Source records
┄┄┄┄┄┄

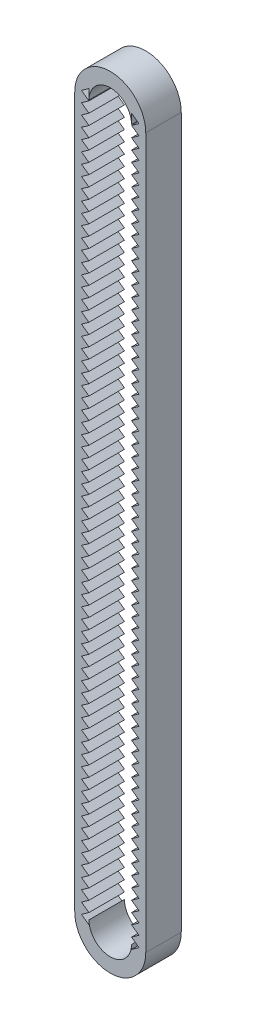
from build123d import *

# Parameters (mm, degrees)
SURFACE_EXTRUSION1_1_DEPTH     = 10
EPAISSIR1_T2                   = 4
ENL_V_MAT_EXTRU_1_DEPTH        = 10
R_P_TITION_LIN_AIRE1_COUNT     = 38
R_P_TITION_LIN_AIRE1_PITCH     = 3
R_P_TITION_LIN_AIRE1_COL_COUNT = 31
R_P_TITION_LIN_AIRE1_COL_PITCH = 3
SYM_TRIE1_COPY_1_DEPTH         = 10
SYM_TRIE1_COPY_2_DEPTH         = 10
SYM_TRIE1_COPY_3_DEPTH         = 10
SYM_TRIE1_COPY_4_DEPTH         = 10
SYM_TRIE1_COPY_5_DEPTH         = 10
SYM_TRIE1_COPY_6_DEPTH         = 10
SYM_TRIE1_COPY_7_DEPTH         = 10
SYM_TRIE1_COPY_8_DEPTH         = 10
SYM_TRIE1_COPY_9_DEPTH         = 10
SYM_TRIE1_COPY_10_DEPTH        = 10
SYM_TRIE1_COPY_11_DEPTH        = 10
SYM_TRIE1_COPY_12_DEPTH        = 10
SYM_TRIE1_COPY_13_DEPTH        = 10
SYM_TRIE1_COPY_14_DEPTH        = 10
SYM_TRIE1_COPY_15_DEPTH        = 10
SYM_TRIE1_COPY_16_DEPTH        = 10
SYM_TRIE1_COPY_17_DEPTH        = 10
SYM_TRIE1_COPY_18_DEPTH        = 10
SYM_TRIE1_COPY_19_DEPTH        = 10
SYM_TRIE1_COPY_20_DEPTH        = 10
SYM_TRIE1_COPY_21_DEPTH        = 10
SYM_TRIE1_COPY_22_DEPTH        = 10
SYM_TRIE1_COPY_23_DEPTH        = 10
SYM_TRIE1_COPY_24_DEPTH        = 10
SYM_TRIE1_COPY_25_DEPTH        = 10
SYM_TRIE1_COPY_26_DEPTH        = 10
SYM_TRIE1_COPY_27_DEPTH        = 10
SYM_TRIE1_COPY_28_DEPTH        = 10
SYM_TRIE1_COPY_29_DEPTH        = 10
SYM_TRIE1_COPY_30_DEPTH        = 10
SYM_TRIE1_COPY_31_DEPTH        = 10
SYM_TRIE1_COPY_32_DEPTH        = 10
SYM_TRIE1_COPY_33_DEPTH        = 10
SYM_TRIE1_COPY_34_DEPTH        = 10
SYM_TRIE1_COPY_35_DEPTH        = 10
SYM_TRIE1_COPY_36_DEPTH        = 10
SYM_TRIE1_COPY_37_DEPTH        = 10
SYM_TRIE1_COPY_38_DEPTH        = 10
SYM_TRIE1_COPY_39_DEPTH        = 10
SYM_TRIE1_COPY_40_DEPTH        = 10
SYM_TRIE1_COPY_41_DEPTH        = 10
SYM_TRIE1_COPY_42_DEPTH        = 10
SYM_TRIE1_COPY_43_DEPTH        = 10
SYM_TRIE1_COPY_44_DEPTH        = 10
SYM_TRIE1_COPY_45_DEPTH        = 10
SYM_TRIE1_COPY_46_DEPTH        = 10
SYM_TRIE1_COPY_47_DEPTH        = 10
SYM_TRIE1_COPY_48_DEPTH        = 10
SYM_TRIE1_COPY_49_DEPTH        = 10
SYM_TRIE1_COPY_50_DEPTH        = 10
SYM_TRIE1_COPY_51_DEPTH        = 10
SYM_TRIE1_COPY_52_DEPTH        = 10
SYM_TRIE1_COPY_53_DEPTH        = 10
SYM_TRIE1_COPY_54_DEPTH        = 10
SYM_TRIE1_COPY_55_DEPTH        = 10
SYM_TRIE1_COPY_56_DEPTH        = 10
SYM_TRIE1_COPY_57_DEPTH        = 10
SYM_TRIE1_COPY_58_DEPTH        = 10
SYM_TRIE1_COPY_59_DEPTH        = 10
SYM_TRIE1_COPY_60_DEPTH        = 10
SYM_TRIE1_COPY_61_DEPTH        = 10
SYM_TRIE1_COPY_62_DEPTH        = 10
SYM_TRIE1_COPY_63_DEPTH        = 10
SYM_TRIE1_COPY_64_DEPTH        = 10
SYM_TRIE1_COPY_65_DEPTH        = 10
SYM_TRIE1_COPY_66_DEPTH        = 10
SYM_TRIE1_COPY_67_DEPTH        = 10


with BuildPart() as body_1:
    # Surface-Extrusion1: a surface, the sketch's curves swept straight by 10 mm
    with BuildLine(Plane.XY, mode=Mode.PRIVATE) as surface_extrusion1_1_path:
        Line((-10, 0), (-10, 200))
        ThreePointArc((-10, 200), (0, 210), (10, 200))
        Line((10, 200), (10, 0))
        ThreePointArc((10, 0), (0, -10), (-10, 0))
    surface_extrusion1_1 = Shell.extrude(surface_extrusion1_1_path.wire(), (0 * SURFACE_EXTRUSION1_1_DEPTH, 0 * SURFACE_EXTRUSION1_1_DEPTH, 1 * SURFACE_EXTRUSION1_1_DEPTH))
    add(Solid.thicken(surface_extrusion1_1, -EPAISSIR1_T2))

    # Esquisse2 → Enlèv. mat.-Extru.1 (cut)
    with BuildSketch(Plane.XY.offset(10)):
        Polygon((-6, 109.791978845), (-8.105804757, 111.291978845), (-6, 112.791978845), align=None)
    enl_v_mat_extru_1 = extrude(amount=-ENL_V_MAT_EXTRU_1_DEPTH, mode=Mode.SUBTRACT)

    # Répétition linéaire1: Enlèv. mat.-Extru.1 ×38
    with Locations(*[(0, -i * R_P_TITION_LIN_AIRE1_PITCH, 0) for i in range(1, R_P_TITION_LIN_AIRE1_COUNT)]):
        add(enl_v_mat_extru_1, mode=Mode.SUBTRACT)

    # Répétition linéaire1 col: Enlèv. mat.-Extru.1 ×31
    with Locations(*[(0, i * R_P_TITION_LIN_AIRE1_COL_PITCH, 0) for i in range(1, R_P_TITION_LIN_AIRE1_COL_COUNT)]):
        add(enl_v_mat_extru_1, mode=Mode.SUBTRACT)

    # Symétrie1: Enlèv. mat.-Extru.1 across plane
    add(enl_v_mat_extru_1.mirror(Plane(origin=(0, 0, 0), x_dir=(0, 0, 1), z_dir=(1, 0, 0))), mode=Mode.SUBTRACT)

    # Symétrie1 copy 1 sketch → Symétrie1 copy 1 (cut)
    with BuildSketch(Plane(origin=(0, -3, 10), x_dir=(-1, 0, 0), z_dir=(0, 0, 1))):
        Polygon((-6, -109.791978845), (-8.105804757, -111.291978845), (-6, -112.791978845), align=None)
    extrude(amount=-SYM_TRIE1_COPY_1_DEPTH, mode=Mode.SUBTRACT)

    # Symétrie1 copy 2 sketch → Symétrie1 copy 2 (cut)
    with BuildSketch(Plane(origin=(0, -6, 10), x_dir=(-1, 0, 0), z_dir=(0, 0, 1))):
        Polygon((-6, -109.791978845), (-8.105804757, -111.291978845), (-6, -112.791978845), align=None)
    extrude(amount=-SYM_TRIE1_COPY_2_DEPTH, mode=Mode.SUBTRACT)

    # Symétrie1 copy 3 sketch → Symétrie1 copy 3 (cut)
    with BuildSketch(Plane(origin=(0, -9, 10), x_dir=(-1, 0, 0), z_dir=(0, 0, 1))):
        Polygon((-6, -109.791978845), (-8.105804757, -111.291978845), (-6, -112.791978845), align=None)
    extrude(amount=-SYM_TRIE1_COPY_3_DEPTH, mode=Mode.SUBTRACT)

    # Symétrie1 copy 4 sketch → Symétrie1 copy 4 (cut)
    with BuildSketch(Plane(origin=(0, -12, 10), x_dir=(-1, 0, 0), z_dir=(0, 0, 1))):
        Polygon((-6, -109.791978845), (-8.105804757, -111.291978845), (-6, -112.791978845), align=None)
    extrude(amount=-SYM_TRIE1_COPY_4_DEPTH, mode=Mode.SUBTRACT)

    # Symétrie1 copy 5 sketch → Symétrie1 copy 5 (cut)
    with BuildSketch(Plane(origin=(0, -15, 10), x_dir=(-1, 0, 0), z_dir=(0, 0, 1))):
        Polygon((-6, -109.791978845), (-8.105804757, -111.291978845), (-6, -112.791978845), align=None)
    extrude(amount=-SYM_TRIE1_COPY_5_DEPTH, mode=Mode.SUBTRACT)

    # Symétrie1 copy 6 sketch → Symétrie1 copy 6 (cut)
    with BuildSketch(Plane(origin=(0, -18, 10), x_dir=(-1, 0, 0), z_dir=(0, 0, 1))):
        Polygon((-6, -109.791978845), (-8.105804757, -111.291978845), (-6, -112.791978845), align=None)
    extrude(amount=-SYM_TRIE1_COPY_6_DEPTH, mode=Mode.SUBTRACT)

    # Symétrie1 copy 7 sketch → Symétrie1 copy 7 (cut)
    with BuildSketch(Plane(origin=(0, -21, 10), x_dir=(-1, 0, 0), z_dir=(0, 0, 1))):
        Polygon((-6, -109.791978845), (-8.105804757, -111.291978845), (-6, -112.791978845), align=None)
    extrude(amount=-SYM_TRIE1_COPY_7_DEPTH, mode=Mode.SUBTRACT)

    # Symétrie1 copy 8 sketch → Symétrie1 copy 8 (cut)
    with BuildSketch(Plane(origin=(0, -24, 10), x_dir=(-1, 0, 0), z_dir=(0, 0, 1))):
        Polygon((-6, -109.791978845), (-8.105804757, -111.291978845), (-6, -112.791978845), align=None)
    extrude(amount=-SYM_TRIE1_COPY_8_DEPTH, mode=Mode.SUBTRACT)

    # Symétrie1 copy 9 sketch → Symétrie1 copy 9 (cut)
    with BuildSketch(Plane(origin=(0, -27, 10), x_dir=(-1, 0, 0), z_dir=(0, 0, 1))):
        Polygon((-6, -109.791978845), (-8.105804757, -111.291978845), (-6, -112.791978845), align=None)
    extrude(amount=-SYM_TRIE1_COPY_9_DEPTH, mode=Mode.SUBTRACT)

    # Symétrie1 copy 10 sketch → Symétrie1 copy 10 (cut)
    with BuildSketch(Plane(origin=(0, -30, 10), x_dir=(-1, 0, 0), z_dir=(0, 0, 1))):
        Polygon((-6, -109.791978845), (-8.105804757, -111.291978845), (-6, -112.791978845), align=None)
    extrude(amount=-SYM_TRIE1_COPY_10_DEPTH, mode=Mode.SUBTRACT)

    # Symétrie1 copy 11 sketch → Symétrie1 copy 11 (cut)
    with BuildSketch(Plane(origin=(0, -33, 10), x_dir=(-1, 0, 0), z_dir=(0, 0, 1))):
        Polygon((-6, -109.791978845), (-8.105804757, -111.291978845), (-6, -112.791978845), align=None)
    extrude(amount=-SYM_TRIE1_COPY_11_DEPTH, mode=Mode.SUBTRACT)

    # Symétrie1 copy 12 sketch → Symétrie1 copy 12 (cut)
    with BuildSketch(Plane(origin=(0, -36, 10), x_dir=(-1, 0, 0), z_dir=(0, 0, 1))):
        Polygon((-6, -109.791978845), (-8.105804757, -111.291978845), (-6, -112.791978845), align=None)
    extrude(amount=-SYM_TRIE1_COPY_12_DEPTH, mode=Mode.SUBTRACT)

    # Symétrie1 copy 13 sketch → Symétrie1 copy 13 (cut)
    with BuildSketch(Plane(origin=(0, -39, 10), x_dir=(-1, 0, 0), z_dir=(0, 0, 1))):
        Polygon((-6, -109.791978845), (-8.105804757, -111.291978845), (-6, -112.791978845), align=None)
    extrude(amount=-SYM_TRIE1_COPY_13_DEPTH, mode=Mode.SUBTRACT)

    # Symétrie1 copy 14 sketch → Symétrie1 copy 14 (cut)
    with BuildSketch(Plane(origin=(0, -42, 10), x_dir=(-1, 0, 0), z_dir=(0, 0, 1))):
        Polygon((-6, -109.791978845), (-8.105804757, -111.291978845), (-6, -112.791978845), align=None)
    extrude(amount=-SYM_TRIE1_COPY_14_DEPTH, mode=Mode.SUBTRACT)

    # Symétrie1 copy 15 sketch → Symétrie1 copy 15 (cut)
    with BuildSketch(Plane(origin=(0, -45, 10), x_dir=(-1, 0, 0), z_dir=(0, 0, 1))):
        Polygon((-6, -109.791978845), (-8.105804757, -111.291978845), (-6, -112.791978845), align=None)
    extrude(amount=-SYM_TRIE1_COPY_15_DEPTH, mode=Mode.SUBTRACT)

    # Symétrie1 copy 16 sketch → Symétrie1 copy 16 (cut)
    with BuildSketch(Plane(origin=(0, -48, 10), x_dir=(-1, 0, 0), z_dir=(0, 0, 1))):
        Polygon((-6, -109.791978845), (-8.105804757, -111.291978845), (-6, -112.791978845), align=None)
    extrude(amount=-SYM_TRIE1_COPY_16_DEPTH, mode=Mode.SUBTRACT)

    # Symétrie1 copy 17 sketch → Symétrie1 copy 17 (cut)
    with BuildSketch(Plane(origin=(0, -51, 10), x_dir=(-1, 0, 0), z_dir=(0, 0, 1))):
        Polygon((-6, -109.791978845), (-8.105804757, -111.291978845), (-6, -112.791978845), align=None)
    extrude(amount=-SYM_TRIE1_COPY_17_DEPTH, mode=Mode.SUBTRACT)

    # Symétrie1 copy 18 sketch → Symétrie1 copy 18 (cut)
    with BuildSketch(Plane(origin=(0, -54, 10), x_dir=(-1, 0, 0), z_dir=(0, 0, 1))):
        Polygon((-6, -109.791978845), (-8.105804757, -111.291978845), (-6, -112.791978845), align=None)
    extrude(amount=-SYM_TRIE1_COPY_18_DEPTH, mode=Mode.SUBTRACT)

    # Symétrie1 copy 19 sketch → Symétrie1 copy 19 (cut)
    with BuildSketch(Plane(origin=(0, -57, 10), x_dir=(-1, 0, 0), z_dir=(0, 0, 1))):
        Polygon((-6, -109.791978845), (-8.105804757, -111.291978845), (-6, -112.791978845), align=None)
    extrude(amount=-SYM_TRIE1_COPY_19_DEPTH, mode=Mode.SUBTRACT)

    # Symétrie1 copy 20 sketch → Symétrie1 copy 20 (cut)
    with BuildSketch(Plane(origin=(0, -60, 10), x_dir=(-1, 0, 0), z_dir=(0, 0, 1))):
        Polygon((-6, -109.791978845), (-8.105804757, -111.291978845), (-6, -112.791978845), align=None)
    extrude(amount=-SYM_TRIE1_COPY_20_DEPTH, mode=Mode.SUBTRACT)

    # Symétrie1 copy 21 sketch → Symétrie1 copy 21 (cut)
    with BuildSketch(Plane(origin=(0, -63, 10), x_dir=(-1, 0, 0), z_dir=(0, 0, 1))):
        Polygon((-6, -109.791978845), (-8.105804757, -111.291978845), (-6, -112.791978845), align=None)
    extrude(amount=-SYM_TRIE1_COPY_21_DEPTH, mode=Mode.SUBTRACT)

┄┄┄┄┄┄

Brief »
Could you reproduce exactly the lines of the entries above, from the one with "# Symétrie1 copy 6" through the one with "extrude(amount=-SYM_TRIE1_COPY_7_DEPTH, mode=Mode.SUBTRACT)", and nothing else?

Solved problem »
    # Symétrie1 copy 6 sketch → Symétrie1 copy 6 (cut)
    with BuildSketch(Plane(origin=(0, -18, 10), x_dir=(-1, 0, 0), z_dir=(0, 0, 1))):
        Polygon((-6, -109.791978845), (-8.105804757, -111.291978845), (-6, -112.791978845), align=None)
    extrude(amount=-SYM_TRIE1_COPY_6_DEPTH, mode=Mode.SUBTRACT)

    # Symétrie1 copy 7 sketch → Symétrie1 copy 7 (cut)
    with BuildSketch(Plane(origin=(0, -21, 10), x_dir=(-1, 0, 0), z_dir=(0, 0, 1))):
        Polygon((-6, -109.791978845), (-8.105804757, -111.291978845), (-6, -112.791978845), align=None)
    extrude(amount=-SYM_TRIE1_COPY_7_DEPTH, mode=Mode.SUBTRACT)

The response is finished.